### Record extracts
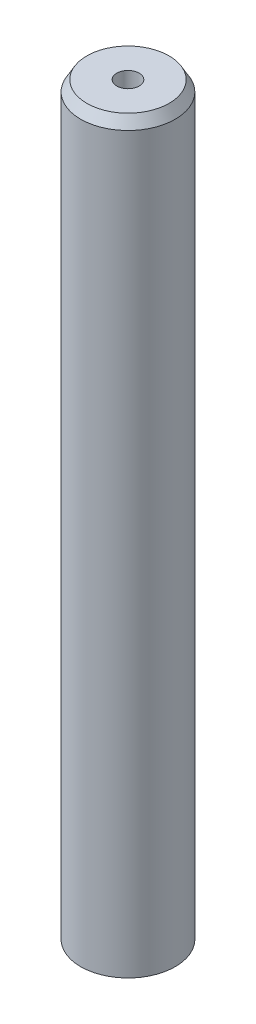
ISO-10303-21;
HEADER;
FILE_DESCRIPTION(('STEP AP214'),'2;1');
FILE_NAME('part.step','',(''),(''),'','','');
FILE_SCHEMA(('AUTOMOTIVE_DESIGN { 1 0 10303 214 1 1 1 1 }'));
ENDSEC;
DATA;
#1=APPLICATION_CONTEXT('core data for automotive mechanical design processes');
#2=APPLICATION_PROTOCOL_DEFINITION('international standard','automotive_design',2000,#1);
#3=PRODUCT_CONTEXT('',#1,'mechanical');
#4=PRODUCT('Part','Part','',(#3));
#5=PRODUCT_RELATED_PRODUCT_CATEGORY('part','',(#4));
#6=PRODUCT_DEFINITION_FORMATION('','',#4);
#7=PRODUCT_DEFINITION_CONTEXT('part definition',#1,'design');
#8=PRODUCT_DEFINITION('design','',#6,#7);
#9=PRODUCT_DEFINITION_SHAPE('','',#8);
#10=(LENGTH_UNIT() NAMED_UNIT(*) SI_UNIT(.MILLI.,.METRE.));
#11=(NAMED_UNIT(*) PLANE_ANGLE_UNIT() SI_UNIT($,.RADIAN.));
#12=(NAMED_UNIT(*) SI_UNIT($,.STERADIAN.) SOLID_ANGLE_UNIT());
#13=UNCERTAINTY_MEASURE_WITH_UNIT(LENGTH_MEASURE(1.E-05),#10,'distance_accuracy_value','');
#14=(GEOMETRIC_REPRESENTATION_CONTEXT(3) GLOBAL_UNCERTAINTY_ASSIGNED_CONTEXT((#13)) GLOBAL_UNIT_ASSIGNED_CONTEXT((#10,
#11,#12)) REPRESENTATION_CONTEXT('',''));
#15=CARTESIAN_POINT('',(0.,0.,0.));
#16=DIRECTION('',(0.,0.,1.));
#17=DIRECTION('',(1.,0.,0.));
#18=AXIS2_PLACEMENT_3D('',#15,#16,#17);
#19=CARTESIAN_POINT('',(0.,79.3357463207847,0.));
#20=DIRECTION('',(0.,-1.,0.));
#21=DIRECTION('',(0.,0.,-1.));
#22=AXIS2_PLACEMENT_3D('',#19,#20,#21);
#23=CYLINDRICAL_SURFACE('',#22,5.);
#24=CARTESIAN_POINT('',(0.,78.2091631415374,0.));
#25=DIRECTION('',(0.,1.,0.));
#26=DIRECTION('',(0.,0.,1.));
#27=AXIS2_PLACEMENT_3D('',#24,#25,#26);
#28=CIRCLE('',#27,5.);
#29=CARTESIAN_POINT('',(0.,78.2091631415374,5.));
#30=VERTEX_POINT('',#29);
#31=EDGE_CURVE('E50',#30,#30,#28,.F.);
#32=ORIENTED_EDGE('',*,*,#31,.T.);
#33=EDGE_LOOP('',(#32));
#34=FACE_BOUND('',#33,.T.);
#35=CARTESIAN_POINT('',(0.,0.650433101802947,0.));
#36=DIRECTION('',(0.,1.,0.));
#37=DIRECTION('',(0.,0.,1.));
#38=AXIS2_PLACEMENT_3D('',#35,#36,#37);
#39=CIRCLE('',#38,5.);
#40=CARTESIAN_POINT('',(0.,0.650433101802947,5.));
#41=VERTEX_POINT('',#40);
#42=EDGE_CURVE('E51',#41,#41,#39,.T.);
#43=ORIENTED_EDGE('',*,*,#42,.T.);
#44=EDGE_LOOP('',(#43));
#45=FACE_BOUND('',#44,.T.);
#46=ADVANCED_FACE('F39',(#34,#45),#23,.T.);
#47=CARTESIAN_POINT('',(0.,79.3357463207847,0.));
#48=DIRECTION('',(0.,1.,0.));
#49=DIRECTION('',(0.,0.,1.));
#50=AXIS2_PLACEMENT_3D('',#47,#48,#49);
#51=PLANE('',#50);
#52=CARTESIAN_POINT('',(0.,79.3357463207847,0.));
#53=DIRECTION('',(0.,1.,0.));
#54=DIRECTION('',(0.,0.,1.));
#55=AXIS2_PLACEMENT_3D('',#52,#53,#54);
#56=CIRCLE('',#55,4.34956689819707);
#57=CARTESIAN_POINT('',(0.,79.3357463207847,4.34956689819707));
#58=VERTEX_POINT('',#57);
#59=EDGE_CURVE('E54',#58,#58,#56,.T.);
#60=ORIENTED_EDGE('',*,*,#59,.T.);
#61=EDGE_LOOP('',(#60));
#62=FACE_BOUND('',#61,.T.);
#63=CARTESIAN_POINT('',(0.,79.3357463207847,0.));
#64=DIRECTION('',(0.,1.,0.));
#65=DIRECTION('',(0.,0.,1.));
#66=AXIS2_PLACEMENT_3D('',#63,#64,#65);
#67=CIRCLE('',#66,1.18509888305625);
#68=CARTESIAN_POINT('',(0.,79.3357463207847,1.18509888305625));
#69=VERTEX_POINT('',#68);
#70=EDGE_CURVE('E58',#69,#69,#67,.T.);
#71=ORIENTED_EDGE('',*,*,#70,.F.);
#72=EDGE_LOOP('',(#71));
#73=FACE_BOUND('',#72,.T.);
#74=ADVANCED_FACE('F69',(#62,#73),#51,.T.);
#75=CARTESIAN_POINT('',(0.,0.,0.));
#76=DIRECTION('',(0.,1.,0.));
#77=DIRECTION('',(0.,0.,1.));
#78=AXIS2_PLACEMENT_3D('',#75,#76,#77);
#79=PLANE('',#78);
#80=CARTESIAN_POINT('',(0.,0.,0.));
#81=DIRECTION('',(0.,1.,0.));
#82=DIRECTION('',(0.,0.,1.));
#83=AXIS2_PLACEMENT_3D('',#80,#81,#82);
#84=CIRCLE('',#83,3.87341682075265);
#85=CARTESIAN_POINT('',(0.,0.,3.87341682075265));
#86=VERTEX_POINT('',#85);
#87=EDGE_CURVE('E10',#86,#86,#84,.F.);
#88=ORIENTED_EDGE('',*,*,#87,.T.);
#89=EDGE_LOOP('',(#88));
#90=FACE_BOUND('',#89,.T.);
#91=CARTESIAN_POINT('',(0.,0.,0.));
#92=DIRECTION('',(0.,1.,0.));
#93=DIRECTION('',(0.,0.,1.));
#94=AXIS2_PLACEMENT_3D('',#91,#92,#93);
#95=CIRCLE('',#94,1.18509888305625);
#96=CARTESIAN_POINT('',(0.,0.,1.18509888305625));
#97=VERTEX_POINT('',#96);
#98=EDGE_CURVE('E63',#97,#97,#95,.T.);
#99=ORIENTED_EDGE('',*,*,#98,.T.);
#100=EDGE_LOOP('',(#99));
#101=FACE_BOUND('',#100,.T.);
#102=ADVANCED_FACE('F75',(#90,#101),#79,.F.);
#103=CARTESIAN_POINT('',(0.,79.3357463207847,0.));
#104=DIRECTION('',(0.,-1.,0.));
#105=DIRECTION('',(0.,0.,-1.));
#106=AXIS2_PLACEMENT_3D('',#103,#104,#105);
#107=CYLINDRICAL_SURFACE('',#106,1.18509888305625);
#108=ORIENTED_EDGE('',*,*,#70,.T.);
#109=EDGE_LOOP('',(#108));
#110=FACE_BOUND('',#109,.T.);
#111=ORIENTED_EDGE('',*,*,#98,.F.);
#112=EDGE_LOOP('',(#111));
#113=FACE_BOUND('',#112,.T.);
#114=ADVANCED_FACE('F70',(#110,#113),#107,.F.);
#115=CARTESIAN_POINT('',(0.,79.3357463207847,0.));
#116=DIRECTION('',(0.,-1.,0.));
#117=DIRECTION('',(0.,0.,-1.));
#118=AXIS2_PLACEMENT_3D('',#115,#116,#117);
#119=CONICAL_SURFACE('',#118,4.34956689819707,0.523598775598291);
#120=ORIENTED_EDGE('',*,*,#31,.F.);
#121=EDGE_LOOP('',(#120));
#122=FACE_BOUND('',#121,.T.);
#123=ORIENTED_EDGE('',*,*,#59,.F.);
#124=EDGE_LOOP('',(#123));
#125=FACE_BOUND('',#124,.T.);
#126=ADVANCED_FACE('F81',(#122,#125),#119,.T.);
#127=CARTESIAN_POINT('',(0.,0.650433101802947,0.));
#128=DIRECTION('',(0.,1.,0.));
#129=DIRECTION('',(0.,0.,1.));
#130=AXIS2_PLACEMENT_3D('',#127,#128,#129);
#131=CONICAL_SURFACE('',#130,5.,1.04719755119661);
#132=ORIENTED_EDGE('',*,*,#87,.F.);
#133=EDGE_LOOP('',(#132));
#134=FACE_BOUND('',#133,.T.);
#135=ORIENTED_EDGE('',*,*,#42,.F.);
#136=EDGE_LOOP('',(#135));
#137=FACE_BOUND('',#136,.T.);
#138=ADVANCED_FACE('F45',(#134,#137),#131,.T.);
#139=CLOSED_SHELL('',(#46,#74,#102,#114,#126,#138));
#140=MANIFOLD_SOLID_BREP('B2',#139);
#141=ADVANCED_BREP_SHAPE_REPRESENTATION('',(#18,#140),#14);
#142=SHAPE_DEFINITION_REPRESENTATION(#9,#141);
ENDSEC;
END-ISO-10303-21;

### Directions for this task
Starting at the line that has "#65=DIRECTION('',(0.,0.,1.));" and ending at the line that has "#96=CARTESIAN_POINT('',(0.,0.,1.18509888305625));", please write out the lines above exactly, leaving out all others.

### Solution for this problem
#65=DIRECTION('',(0.,0.,1.));
#66=AXIS2_PLACEMENT_3D('',#63,#64,#65);
#67=CIRCLE('',#66,1.18509888305625);
#68=CARTESIAN_POINT('',(0.,79.3357463207847,1.18509888305625));
#69=VERTEX_POINT('',#68);
#70=EDGE_CURVE('E58',#69,#69,#67,.T.);
#71=ORIENTED_EDGE('',*,*,#70,.F.);
#72=EDGE_LOOP('',(#71));
#73=FACE_BOUND('',#72,.T.);
#74=ADVANCED_FACE('F69',(#62,#73),#51,.T.);
#75=CARTESIAN_POINT('',(0.,0.,0.));
#76=DIRECTION('',(0.,1.,0.));
#77=DIRECTION('',(0.,0.,1.));
#78=AXIS2_PLACEMENT_3D('',#75,#76,#77);
#79=PLANE('',#78);
#80=CARTESIAN_POINT('',(0.,0.,0.));
#81=DIRECTION('',(0.,1.,0.));
#82=DIRECTION('',(0.,0.,1.));
#83=AXIS2_PLACEMENT_3D('',#80,#81,#82);
#84=CIRCLE('',#83,3.87341682075265);
#85=CARTESIAN_POINT('',(0.,0.,3.87341682075265));
#86=VERTEX_POINT('',#85);
#87=EDGE_CURVE('E10',#86,#86,#84,.F.);
#88=ORIENTED_EDGE('',*,*,#87,.T.);
#89=EDGE_LOOP('',(#88));
#90=FACE_BOUND('',#89,.T.);
#91=CARTESIAN_POINT('',(0.,0.,0.));
#92=DIRECTION('',(0.,1.,0.));
#93=DIRECTION('',(0.,0.,1.));
#94=AXIS2_PLACEMENT_3D('',#91,#92,#93);
#95=CIRCLE('',#94,1.18509888305625);
#96=CARTESIAN_POINT('',(0.,0.,1.18509888305625));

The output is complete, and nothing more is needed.